The goal of the proposed research is to understand the late events important for exocytosis, a process that underlies intercellular communication in the endocrine, exocrine and nervous systems. Studies will focus on the volume encompassing the plasma membrane and immediately adjacent secretory granules. The underlying hypothesis is that granule behavior and interactions immediately adjacent to the plasma membrane are highly regulated and important in determining the secretory response. The precise nature of the movement of granules to the plasma membrane and the plasma membrane docking step have been surmised, but have not been directly investigated. We are in a unique position to fill this gap. In the previous grant period we applied the powerful optical technique, total internal reflection fluorescence microscopy (TIRFM) to visualize granules immediately adjacentto the plasma membrane in living cells. We described for the first time fusion events from the point of view of a mobile granule membrane protein and discovered that granule motion is regulated by two regulators of exocytosis, ATP and micromolar Ca2+. We developed powerful analytical and biochemical tools to investigate granule and plasma membrane motion adjacent to the plasma membrane with TIRFM. We have also measured plasma membrane motions in resting cells using TIRFM, increased plasma membrane dynamics associated with individual exocytotic events using confocal microscopy, and have developed an intramolecular FRET probe to directly detect exocytotic SNARE interactions in living cells. We will apply these advances together with several novel, but well founded, TIRFM-based optical techniques to investigate in chromaffin cells: a) the regulation of granule motion, b) granule interaction with the plasma membrane, c) plasma membrane dynamics during exocytosis, and d) SNARE complex formation at exocytotic sites before and during exocytosis. These studies will further our knowledge of the key function in intercellular communication-the release of hormones or neurotransmitters. The results will be of fundamental importance in the understanding of neurological, endocrine and cardiovascular systems in health and disease.

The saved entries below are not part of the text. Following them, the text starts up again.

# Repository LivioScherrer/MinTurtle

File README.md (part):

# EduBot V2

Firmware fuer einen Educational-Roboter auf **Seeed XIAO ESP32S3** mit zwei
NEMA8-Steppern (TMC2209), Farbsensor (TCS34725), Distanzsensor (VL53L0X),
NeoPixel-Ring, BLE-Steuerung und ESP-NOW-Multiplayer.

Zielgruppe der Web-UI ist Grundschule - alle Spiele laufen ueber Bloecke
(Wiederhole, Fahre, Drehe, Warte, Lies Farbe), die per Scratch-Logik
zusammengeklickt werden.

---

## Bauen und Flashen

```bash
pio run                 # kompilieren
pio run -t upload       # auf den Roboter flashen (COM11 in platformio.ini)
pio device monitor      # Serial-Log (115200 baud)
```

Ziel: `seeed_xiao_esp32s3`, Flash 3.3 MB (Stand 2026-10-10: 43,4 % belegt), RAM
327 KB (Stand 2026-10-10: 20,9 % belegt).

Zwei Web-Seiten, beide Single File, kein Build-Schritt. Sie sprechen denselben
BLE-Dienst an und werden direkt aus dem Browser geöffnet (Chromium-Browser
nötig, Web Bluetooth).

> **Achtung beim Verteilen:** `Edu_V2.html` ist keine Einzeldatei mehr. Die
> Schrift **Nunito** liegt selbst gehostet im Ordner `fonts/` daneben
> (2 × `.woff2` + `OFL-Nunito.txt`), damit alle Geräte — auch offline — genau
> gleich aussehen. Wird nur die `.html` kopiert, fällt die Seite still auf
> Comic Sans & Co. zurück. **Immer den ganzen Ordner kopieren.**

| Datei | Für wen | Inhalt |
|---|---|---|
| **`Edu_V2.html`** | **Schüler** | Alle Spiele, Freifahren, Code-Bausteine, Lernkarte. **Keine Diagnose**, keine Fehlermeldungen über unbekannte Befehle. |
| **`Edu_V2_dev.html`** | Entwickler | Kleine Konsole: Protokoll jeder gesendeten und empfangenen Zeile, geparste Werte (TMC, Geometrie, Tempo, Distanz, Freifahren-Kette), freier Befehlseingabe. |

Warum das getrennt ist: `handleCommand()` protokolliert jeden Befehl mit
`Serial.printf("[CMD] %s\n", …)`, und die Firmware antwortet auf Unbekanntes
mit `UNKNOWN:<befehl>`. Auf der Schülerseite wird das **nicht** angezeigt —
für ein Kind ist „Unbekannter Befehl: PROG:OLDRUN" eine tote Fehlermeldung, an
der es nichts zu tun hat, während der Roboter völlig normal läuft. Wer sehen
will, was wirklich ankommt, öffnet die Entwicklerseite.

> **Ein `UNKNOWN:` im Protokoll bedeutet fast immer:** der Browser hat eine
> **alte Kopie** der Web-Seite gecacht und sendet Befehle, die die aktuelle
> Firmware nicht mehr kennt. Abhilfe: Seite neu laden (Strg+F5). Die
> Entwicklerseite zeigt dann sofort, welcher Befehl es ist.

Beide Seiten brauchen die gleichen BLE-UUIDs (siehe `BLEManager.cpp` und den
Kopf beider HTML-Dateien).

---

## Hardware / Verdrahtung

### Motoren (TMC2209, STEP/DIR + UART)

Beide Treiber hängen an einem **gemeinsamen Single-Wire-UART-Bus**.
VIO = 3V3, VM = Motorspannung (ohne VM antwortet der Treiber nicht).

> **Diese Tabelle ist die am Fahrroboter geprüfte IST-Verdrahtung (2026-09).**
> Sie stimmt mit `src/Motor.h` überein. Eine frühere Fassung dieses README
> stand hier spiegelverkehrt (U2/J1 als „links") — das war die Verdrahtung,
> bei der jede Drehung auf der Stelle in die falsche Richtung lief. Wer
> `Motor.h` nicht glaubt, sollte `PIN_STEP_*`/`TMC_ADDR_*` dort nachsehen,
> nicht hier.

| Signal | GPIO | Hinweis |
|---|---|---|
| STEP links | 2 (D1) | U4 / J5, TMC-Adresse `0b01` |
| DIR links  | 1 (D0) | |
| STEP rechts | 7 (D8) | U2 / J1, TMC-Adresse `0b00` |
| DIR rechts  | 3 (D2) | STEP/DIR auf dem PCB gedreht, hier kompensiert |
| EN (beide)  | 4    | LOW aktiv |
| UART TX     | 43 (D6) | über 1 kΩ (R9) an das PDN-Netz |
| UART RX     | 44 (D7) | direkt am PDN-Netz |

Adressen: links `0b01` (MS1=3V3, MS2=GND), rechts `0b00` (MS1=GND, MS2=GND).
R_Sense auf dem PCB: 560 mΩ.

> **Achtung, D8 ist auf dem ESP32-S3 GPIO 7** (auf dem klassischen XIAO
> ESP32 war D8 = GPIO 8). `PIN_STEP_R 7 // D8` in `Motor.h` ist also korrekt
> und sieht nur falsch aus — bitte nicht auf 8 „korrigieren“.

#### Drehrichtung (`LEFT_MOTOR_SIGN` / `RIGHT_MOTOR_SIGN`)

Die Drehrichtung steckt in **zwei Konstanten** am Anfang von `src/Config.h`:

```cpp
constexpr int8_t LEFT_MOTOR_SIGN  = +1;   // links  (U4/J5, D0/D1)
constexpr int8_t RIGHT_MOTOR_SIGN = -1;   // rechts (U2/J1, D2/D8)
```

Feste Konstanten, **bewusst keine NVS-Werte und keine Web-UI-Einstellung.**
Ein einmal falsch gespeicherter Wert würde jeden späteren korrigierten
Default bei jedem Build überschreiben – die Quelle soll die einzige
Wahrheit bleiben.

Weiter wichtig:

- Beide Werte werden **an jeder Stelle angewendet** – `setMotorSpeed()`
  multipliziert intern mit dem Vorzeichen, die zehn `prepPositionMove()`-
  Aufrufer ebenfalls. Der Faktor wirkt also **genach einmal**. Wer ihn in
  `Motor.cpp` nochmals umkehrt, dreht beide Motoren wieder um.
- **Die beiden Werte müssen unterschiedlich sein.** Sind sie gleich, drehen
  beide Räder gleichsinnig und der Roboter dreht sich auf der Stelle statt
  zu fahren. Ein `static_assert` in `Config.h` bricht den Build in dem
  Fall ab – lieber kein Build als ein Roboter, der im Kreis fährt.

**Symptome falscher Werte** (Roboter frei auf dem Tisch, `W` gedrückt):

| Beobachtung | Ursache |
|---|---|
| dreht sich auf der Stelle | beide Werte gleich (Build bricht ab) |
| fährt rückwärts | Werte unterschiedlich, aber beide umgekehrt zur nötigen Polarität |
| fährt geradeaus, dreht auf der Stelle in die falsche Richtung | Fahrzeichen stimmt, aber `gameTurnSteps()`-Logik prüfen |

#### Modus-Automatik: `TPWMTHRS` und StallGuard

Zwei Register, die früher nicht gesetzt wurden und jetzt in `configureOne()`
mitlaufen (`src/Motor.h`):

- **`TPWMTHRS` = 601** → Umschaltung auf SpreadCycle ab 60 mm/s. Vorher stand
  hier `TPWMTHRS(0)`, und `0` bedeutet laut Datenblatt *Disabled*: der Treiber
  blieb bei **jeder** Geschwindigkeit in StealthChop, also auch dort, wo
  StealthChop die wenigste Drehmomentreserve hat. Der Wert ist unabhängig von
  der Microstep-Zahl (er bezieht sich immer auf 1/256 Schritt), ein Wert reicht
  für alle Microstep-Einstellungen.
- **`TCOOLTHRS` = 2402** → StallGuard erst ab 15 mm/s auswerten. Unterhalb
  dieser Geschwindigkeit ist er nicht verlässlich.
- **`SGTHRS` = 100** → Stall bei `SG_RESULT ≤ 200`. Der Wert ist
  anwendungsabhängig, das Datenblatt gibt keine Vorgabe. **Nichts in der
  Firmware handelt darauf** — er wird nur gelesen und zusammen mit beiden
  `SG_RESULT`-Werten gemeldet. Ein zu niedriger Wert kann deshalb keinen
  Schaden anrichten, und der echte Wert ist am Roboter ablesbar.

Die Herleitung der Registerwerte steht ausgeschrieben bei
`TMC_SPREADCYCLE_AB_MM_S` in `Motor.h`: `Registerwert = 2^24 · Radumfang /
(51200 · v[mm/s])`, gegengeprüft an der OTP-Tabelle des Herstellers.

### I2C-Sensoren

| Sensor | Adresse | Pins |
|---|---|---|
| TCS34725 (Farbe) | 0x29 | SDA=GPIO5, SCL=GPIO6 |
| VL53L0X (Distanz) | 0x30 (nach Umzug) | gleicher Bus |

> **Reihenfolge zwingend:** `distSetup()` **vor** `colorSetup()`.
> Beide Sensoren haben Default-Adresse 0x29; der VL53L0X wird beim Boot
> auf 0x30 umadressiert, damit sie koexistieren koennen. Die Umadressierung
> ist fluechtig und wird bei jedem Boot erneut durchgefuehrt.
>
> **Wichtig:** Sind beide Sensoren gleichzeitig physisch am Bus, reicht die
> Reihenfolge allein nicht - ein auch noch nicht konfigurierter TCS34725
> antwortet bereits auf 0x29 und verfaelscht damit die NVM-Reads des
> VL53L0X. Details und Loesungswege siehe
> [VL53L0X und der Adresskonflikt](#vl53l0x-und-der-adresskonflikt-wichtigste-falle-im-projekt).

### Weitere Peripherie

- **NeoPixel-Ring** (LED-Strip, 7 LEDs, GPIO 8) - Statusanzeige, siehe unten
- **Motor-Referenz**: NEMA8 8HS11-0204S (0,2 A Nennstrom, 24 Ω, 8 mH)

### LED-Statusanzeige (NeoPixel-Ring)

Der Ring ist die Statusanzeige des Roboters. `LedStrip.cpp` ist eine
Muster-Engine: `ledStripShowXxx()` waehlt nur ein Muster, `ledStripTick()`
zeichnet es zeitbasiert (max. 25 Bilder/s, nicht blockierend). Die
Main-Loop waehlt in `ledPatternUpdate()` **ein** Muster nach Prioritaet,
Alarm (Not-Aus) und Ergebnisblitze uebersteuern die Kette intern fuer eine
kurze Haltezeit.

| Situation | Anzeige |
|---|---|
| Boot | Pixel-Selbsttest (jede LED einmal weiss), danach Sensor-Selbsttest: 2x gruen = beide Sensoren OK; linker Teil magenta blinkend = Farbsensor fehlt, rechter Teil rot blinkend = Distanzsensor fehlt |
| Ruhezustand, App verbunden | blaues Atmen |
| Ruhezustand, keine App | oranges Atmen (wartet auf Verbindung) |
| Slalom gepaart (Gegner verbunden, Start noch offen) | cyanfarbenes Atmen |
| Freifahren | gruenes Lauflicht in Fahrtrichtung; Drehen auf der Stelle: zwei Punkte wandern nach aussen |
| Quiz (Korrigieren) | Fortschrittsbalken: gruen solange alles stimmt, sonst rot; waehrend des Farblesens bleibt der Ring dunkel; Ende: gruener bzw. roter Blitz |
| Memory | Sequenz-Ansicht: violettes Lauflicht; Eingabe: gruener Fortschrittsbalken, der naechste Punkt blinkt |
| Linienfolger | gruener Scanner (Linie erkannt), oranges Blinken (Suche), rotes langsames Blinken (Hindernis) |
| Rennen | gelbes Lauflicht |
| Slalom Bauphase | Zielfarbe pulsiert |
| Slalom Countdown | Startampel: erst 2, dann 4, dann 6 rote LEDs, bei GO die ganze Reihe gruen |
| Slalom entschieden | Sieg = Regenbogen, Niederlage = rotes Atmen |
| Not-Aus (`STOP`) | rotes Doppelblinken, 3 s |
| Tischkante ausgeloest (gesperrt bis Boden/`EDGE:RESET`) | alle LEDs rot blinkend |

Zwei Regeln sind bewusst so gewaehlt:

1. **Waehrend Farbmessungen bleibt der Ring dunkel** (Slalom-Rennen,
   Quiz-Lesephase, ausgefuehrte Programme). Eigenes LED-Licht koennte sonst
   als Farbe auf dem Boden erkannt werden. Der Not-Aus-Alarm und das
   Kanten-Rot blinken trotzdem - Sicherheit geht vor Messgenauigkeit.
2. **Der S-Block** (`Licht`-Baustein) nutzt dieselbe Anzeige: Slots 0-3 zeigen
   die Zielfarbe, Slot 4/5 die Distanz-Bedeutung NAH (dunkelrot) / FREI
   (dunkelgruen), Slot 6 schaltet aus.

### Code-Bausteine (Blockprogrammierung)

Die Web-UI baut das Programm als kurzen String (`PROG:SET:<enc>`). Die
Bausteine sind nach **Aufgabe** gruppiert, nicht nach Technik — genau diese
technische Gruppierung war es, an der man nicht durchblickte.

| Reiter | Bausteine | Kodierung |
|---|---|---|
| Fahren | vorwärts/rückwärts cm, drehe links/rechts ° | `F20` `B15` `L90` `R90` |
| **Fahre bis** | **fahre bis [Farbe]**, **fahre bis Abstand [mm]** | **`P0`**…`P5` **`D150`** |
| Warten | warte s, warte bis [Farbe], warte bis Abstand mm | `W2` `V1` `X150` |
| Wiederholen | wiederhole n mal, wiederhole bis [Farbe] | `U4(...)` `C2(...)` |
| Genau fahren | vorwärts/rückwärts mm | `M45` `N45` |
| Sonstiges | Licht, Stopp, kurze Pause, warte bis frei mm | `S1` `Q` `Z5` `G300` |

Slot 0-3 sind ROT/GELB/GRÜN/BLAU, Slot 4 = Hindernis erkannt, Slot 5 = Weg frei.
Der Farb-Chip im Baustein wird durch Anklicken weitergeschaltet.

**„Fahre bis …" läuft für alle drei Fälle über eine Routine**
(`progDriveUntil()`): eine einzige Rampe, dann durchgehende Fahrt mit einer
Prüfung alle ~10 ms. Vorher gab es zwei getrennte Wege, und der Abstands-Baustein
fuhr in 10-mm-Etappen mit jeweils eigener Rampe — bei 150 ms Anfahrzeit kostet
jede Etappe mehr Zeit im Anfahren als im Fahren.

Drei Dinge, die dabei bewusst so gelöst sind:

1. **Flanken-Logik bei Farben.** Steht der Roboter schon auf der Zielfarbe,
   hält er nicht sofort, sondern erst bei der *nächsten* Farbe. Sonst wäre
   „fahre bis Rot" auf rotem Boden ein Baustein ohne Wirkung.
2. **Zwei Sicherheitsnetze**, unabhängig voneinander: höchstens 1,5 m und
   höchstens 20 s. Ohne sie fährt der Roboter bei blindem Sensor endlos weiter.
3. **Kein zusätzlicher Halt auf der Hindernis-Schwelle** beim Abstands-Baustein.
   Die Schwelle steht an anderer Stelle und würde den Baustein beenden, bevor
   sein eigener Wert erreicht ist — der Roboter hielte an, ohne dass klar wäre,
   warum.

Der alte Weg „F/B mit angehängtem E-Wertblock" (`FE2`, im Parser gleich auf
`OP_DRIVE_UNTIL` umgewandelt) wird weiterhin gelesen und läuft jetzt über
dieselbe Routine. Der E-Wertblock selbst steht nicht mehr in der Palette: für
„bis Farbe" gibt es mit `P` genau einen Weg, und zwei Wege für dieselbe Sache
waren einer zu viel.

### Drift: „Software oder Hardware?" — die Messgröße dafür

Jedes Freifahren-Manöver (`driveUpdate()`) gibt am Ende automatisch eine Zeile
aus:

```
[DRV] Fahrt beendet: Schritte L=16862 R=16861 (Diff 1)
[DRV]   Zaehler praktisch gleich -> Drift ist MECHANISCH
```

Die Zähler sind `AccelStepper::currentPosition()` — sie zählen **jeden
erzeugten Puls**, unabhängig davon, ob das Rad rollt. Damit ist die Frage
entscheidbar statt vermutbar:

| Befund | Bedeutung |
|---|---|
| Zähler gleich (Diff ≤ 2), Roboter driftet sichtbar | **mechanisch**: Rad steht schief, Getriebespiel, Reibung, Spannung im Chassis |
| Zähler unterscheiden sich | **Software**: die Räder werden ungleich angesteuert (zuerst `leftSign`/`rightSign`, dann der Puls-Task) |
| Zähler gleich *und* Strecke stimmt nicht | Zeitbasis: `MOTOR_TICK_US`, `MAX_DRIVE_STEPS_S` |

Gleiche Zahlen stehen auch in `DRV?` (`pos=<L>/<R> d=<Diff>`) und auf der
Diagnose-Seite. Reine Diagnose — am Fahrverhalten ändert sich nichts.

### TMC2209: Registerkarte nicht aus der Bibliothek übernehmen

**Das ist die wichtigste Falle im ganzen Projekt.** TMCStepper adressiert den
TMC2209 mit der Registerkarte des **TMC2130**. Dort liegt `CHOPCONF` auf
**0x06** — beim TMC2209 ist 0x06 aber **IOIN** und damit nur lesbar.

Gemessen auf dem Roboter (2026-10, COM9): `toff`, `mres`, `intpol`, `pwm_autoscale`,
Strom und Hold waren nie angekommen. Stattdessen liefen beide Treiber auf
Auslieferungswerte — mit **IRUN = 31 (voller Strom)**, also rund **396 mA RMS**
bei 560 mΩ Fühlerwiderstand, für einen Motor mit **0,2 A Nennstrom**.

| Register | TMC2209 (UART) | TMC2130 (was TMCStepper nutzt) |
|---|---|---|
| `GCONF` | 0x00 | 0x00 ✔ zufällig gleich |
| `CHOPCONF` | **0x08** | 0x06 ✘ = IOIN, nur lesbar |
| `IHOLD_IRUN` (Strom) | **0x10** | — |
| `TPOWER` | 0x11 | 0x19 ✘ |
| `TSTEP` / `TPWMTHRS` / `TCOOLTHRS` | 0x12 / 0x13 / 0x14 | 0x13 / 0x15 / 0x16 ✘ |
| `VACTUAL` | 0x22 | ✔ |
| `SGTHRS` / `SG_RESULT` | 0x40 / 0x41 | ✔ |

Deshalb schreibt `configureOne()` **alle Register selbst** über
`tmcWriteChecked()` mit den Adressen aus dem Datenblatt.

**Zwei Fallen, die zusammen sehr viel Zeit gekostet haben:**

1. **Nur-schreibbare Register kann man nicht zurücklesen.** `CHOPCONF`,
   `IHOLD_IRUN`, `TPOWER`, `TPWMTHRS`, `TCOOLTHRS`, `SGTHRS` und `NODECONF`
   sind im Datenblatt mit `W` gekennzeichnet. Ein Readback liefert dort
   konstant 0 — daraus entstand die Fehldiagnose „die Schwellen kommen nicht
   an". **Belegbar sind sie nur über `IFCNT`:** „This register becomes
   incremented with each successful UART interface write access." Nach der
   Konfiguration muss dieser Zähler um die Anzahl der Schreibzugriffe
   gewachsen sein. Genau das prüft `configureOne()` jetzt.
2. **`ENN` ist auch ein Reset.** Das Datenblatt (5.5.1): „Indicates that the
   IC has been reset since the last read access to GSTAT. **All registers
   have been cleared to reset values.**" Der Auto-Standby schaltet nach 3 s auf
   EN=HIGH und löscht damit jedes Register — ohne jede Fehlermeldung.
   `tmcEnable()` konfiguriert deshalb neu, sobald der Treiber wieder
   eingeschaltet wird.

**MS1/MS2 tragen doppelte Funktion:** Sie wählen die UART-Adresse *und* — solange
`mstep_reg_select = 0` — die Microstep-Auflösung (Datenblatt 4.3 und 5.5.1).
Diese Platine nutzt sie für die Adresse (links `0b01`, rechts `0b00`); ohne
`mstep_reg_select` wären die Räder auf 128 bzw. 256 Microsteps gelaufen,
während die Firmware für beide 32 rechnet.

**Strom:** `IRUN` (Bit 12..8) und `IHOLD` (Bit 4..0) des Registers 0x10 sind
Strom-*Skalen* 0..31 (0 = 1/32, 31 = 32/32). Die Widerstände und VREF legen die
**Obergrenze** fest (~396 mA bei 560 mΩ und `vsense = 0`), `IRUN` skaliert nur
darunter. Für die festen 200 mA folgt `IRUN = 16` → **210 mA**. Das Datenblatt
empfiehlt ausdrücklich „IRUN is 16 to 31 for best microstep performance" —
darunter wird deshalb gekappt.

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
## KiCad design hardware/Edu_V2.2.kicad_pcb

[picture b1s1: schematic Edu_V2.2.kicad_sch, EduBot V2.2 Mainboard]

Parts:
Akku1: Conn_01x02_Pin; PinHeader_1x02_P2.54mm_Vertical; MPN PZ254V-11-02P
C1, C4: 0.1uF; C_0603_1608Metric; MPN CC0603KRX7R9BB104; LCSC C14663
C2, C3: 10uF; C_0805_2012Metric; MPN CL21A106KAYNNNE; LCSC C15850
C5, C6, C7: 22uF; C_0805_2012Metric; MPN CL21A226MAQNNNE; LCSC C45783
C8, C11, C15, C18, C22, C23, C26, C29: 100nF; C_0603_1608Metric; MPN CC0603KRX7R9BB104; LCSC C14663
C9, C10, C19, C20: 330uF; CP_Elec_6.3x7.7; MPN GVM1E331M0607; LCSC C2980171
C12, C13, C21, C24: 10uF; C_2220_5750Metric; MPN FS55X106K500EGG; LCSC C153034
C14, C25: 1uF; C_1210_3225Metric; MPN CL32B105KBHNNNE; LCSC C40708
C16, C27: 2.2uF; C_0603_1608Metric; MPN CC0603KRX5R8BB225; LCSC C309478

拟议研究的目标是了解对胞吐作用重要的晚期事件，该过程 是内分泌、外分泌和神经系统中细胞间通讯的基础。研究将集中在 包围质膜和紧邻的分泌颗粒的体积。的 基本假设是紧邻等离子体的颗粒行为和相互作用 膜是高度调节的，在决定分泌反应中很重要。的确切性质 颗粒向质膜的移动和质膜对接步骤已经被 猜测，但没有直接调查。我们处于填补这一空白的独特地位。上一 授权期间，我们应用了强大的光学技术--全内反射荧光显微镜 （TIRFM），以显示活细胞中紧邻质膜的颗粒。我们描述了 第一次从移动的颗粒膜蛋白的角度融合事件，并发现， 颗粒运动受胞吐作用的两种调节剂ATP和微摩尔Ca 2+调节。我们开发 强大的分析和生物化学工具，以研究颗粒和质膜运动相邻 用TIRFM对质膜进行了观察。我们还测量了静息细胞的质膜运动 使用TIRFM，增加与个体胞吐事件相关的质膜动力学， 共聚焦显微镜，并已开发出一种分子内FRET探针，直接检测胞吐 活细胞中的陷阱相互作用。我们将把这些进展与几个新颖的，但很好地 基于TIRFM的光学技术在嗜铬细胞中研究：a）颗粒的调节 运动，B）颗粒与质膜的相互作用，c）胞吐期间的质膜动力学， 和d）在胞吐作用之前和期间在胞吐作用位点处形成SNARE复合物。这些研究将进一步 我们对细胞间通讯的关键功能-激素的释放或 神经传递素这些结果将对理解神经学， 内分泌和心血管系统的健康和疾病。